Source information section start

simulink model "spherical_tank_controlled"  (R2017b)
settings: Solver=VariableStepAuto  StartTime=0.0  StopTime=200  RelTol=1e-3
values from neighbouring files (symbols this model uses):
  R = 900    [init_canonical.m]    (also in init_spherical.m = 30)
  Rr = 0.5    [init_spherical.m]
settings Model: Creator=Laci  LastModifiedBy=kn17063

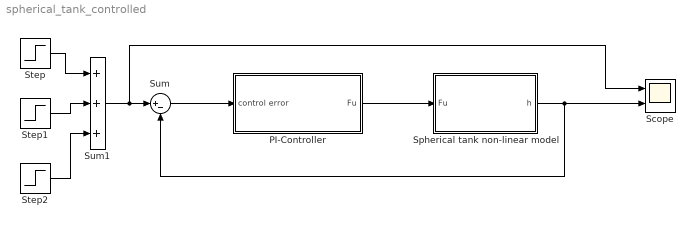
== system spherical_tank_controlled ==
  PI-Controller : Subsystem
  Scope : Scope  NumInputPorts=2
  Spherical tank non-linear model : Subsystem
  Step : Step  Time=10  Before=0.001  After=0.20  SampleTime=0
  Step1 : Step  Time=100  After=0.05  SampleTime=0
  Step2 : Step  Time=140  After=-0.05  SampleTime=0
  Sum : Sum  Inputs=|+-
  Sum1 : Sum  Inputs=+++
  wires:
  Spherical tank non-linear model/1(h) -> Scope/2, Sum/2
  Sum1/1 -> Scope/1, Sum/1
  Sum/1 -> PI-Controller/1(control error)
  PI-Controller/1(Fu) -> Spherical tank non-linear model/1(Fu)
  Step/1 -> Sum1/1
  Step1/1 -> Sum1/2
  Step2/1 -> Sum1/3

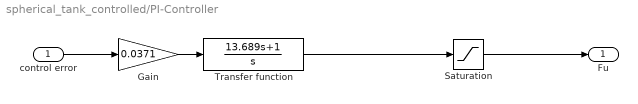
== system spherical_tank_controlled/PI-Controller ==
  control error : Inport
  Gain : Gain  Gain=0.0371
  Saturation : Saturate  UpperLimit=20e-3  LowerLimit=0
  Transfer function : TransferFcn  Numerator=[13.689 1]  Denominator=[1 0]
  Fu : Outport
  wires:
  control error/1 -> Gain/1
  Gain/1 -> Transfer function/1
  Transfer function/1 -> Saturation/1
  Saturation/1 -> Fu/1

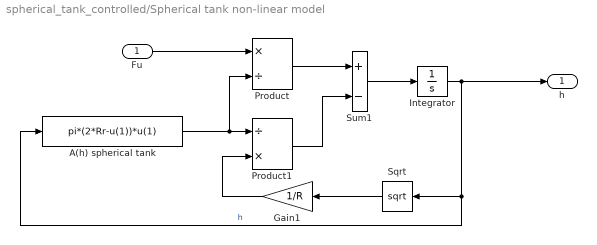
== system spherical_tank_controlled/Spherical tank non-linear model ==
  Fu : Inport
  A(h) spherical tank : Fcn  Expr=pi*(2*Rr-u(1))*u(1)
  Gain1 : Gain  Gain=1/R
  Integrator : Integrator  InitialCondition=1e-3
  Product : Product  Inputs=*/
  Product1 : Product  Inputs=/*
  Sqrt : Sqrt  SaturateOnIntegerOverflow=on
  Sum1 : Sum  Inputs=+-
  h : Outport
  wires:
  Gain1/1 -> Product1/2
  Fu/1 -> Product/1
  A(h) spherical tank/1 -> Product/2, Product1/1
  Sqrt/1 -> Gain1/1
  Sum1/1 -> Integrator/1
  Product1/1 -> Sum1/2
  Product/1 -> Sum1/1
  Integrator/1 -> h/1, A(h) spherical tank/1, Sqrt/1  "h"

Source information section end

* **Required work**: Word for word, copy every line of the data, excluding any pictures.

* **Solution for this exercise**:
simulink model "spherical_tank_controlled"  (R2017b)
settings: Solver=VariableStepAuto  StartTime=0.0  StopTime=200  RelTol=1e-3
values from neighbouring files (symbols this model uses):
  R = 900    [init_canonical.m]    (also in init_spherical.m = 30)
  Rr = 0.5    [init_spherical.m]
settings Model: Creator=Laci  LastModifiedBy=kn17063

== system spherical_tank_controlled ==
  PI-Controller : Subsystem
  Scope : Scope  NumInputPorts=2
  Spherical tank non-linear model : Subsystem
  Step : Step  Time=10  Before=0.001  After=0.20  SampleTime=0
  Step1 : Step  Time=100  After=0.05  SampleTime=0
  Step2 : Step  Time=140  After=-0.05  SampleTime=0
  Sum : Sum  Inputs=|+-
  Sum1 : Sum  Inputs=+++
  wires:
  Spherical tank non-linear model/1(h) -> Scope/2, Sum/2
  Sum1/1 -> Scope/1, Sum/1
  Sum/1 -> PI-Controller/1(control error)
  PI-Controller/1(Fu) -> Spherical tank non-linear model/1(Fu)
  Step/1 -> Sum1/1
  Step1/1 -> Sum1/2
  Step2/1 -> Sum1/3

== system spherical_tank_controlled/PI-Controller ==
  control error : Inport
  Gain : Gain  Gain=0.0371
  Saturation : Saturate  UpperLimit=20e-3  LowerLimit=0
  Transfer function : TransferFcn  Numerator=[13.689 1]  Denominator=[1 0]
  Fu : Outport
  wires:
  control error/1 -> Gain/1
  Gain/1 -> Transfer function/1
  Transfer function/1 -> Saturation/1
  Saturation/1 -> Fu/1

== system spherical_tank_controlled/Spherical tank non-linear model ==
  Fu : Inport
  A(h) spherical tank : Fcn  Expr=pi*(2*Rr-u(1))*u(1)
  Gain1 : Gain  Gain=1/R
  Integrator : Integrator  InitialCondition=1e-3
  Product : Product  Inputs=*/
  Product1 : Product  Inputs=/*
  Sqrt : Sqrt  SaturateOnIntegerOverflow=on
  Sum1 : Sum  Inputs=+-
  h : Outport
  wires:
  Gain1/1 -> Product1/2
  Fu/1 -> Product/1
  A(h) spherical tank/1 -> Product/2, Product1/1
  Sqrt/1 -> Gain1/1
  Sum1/1 -> Integrator/1
  Product1/1 -> Sum1/2
  Product/1 -> Sum1/1
  Integrator/1 -> h/1, A(h) spherical tank/1, Sqrt/1  "h"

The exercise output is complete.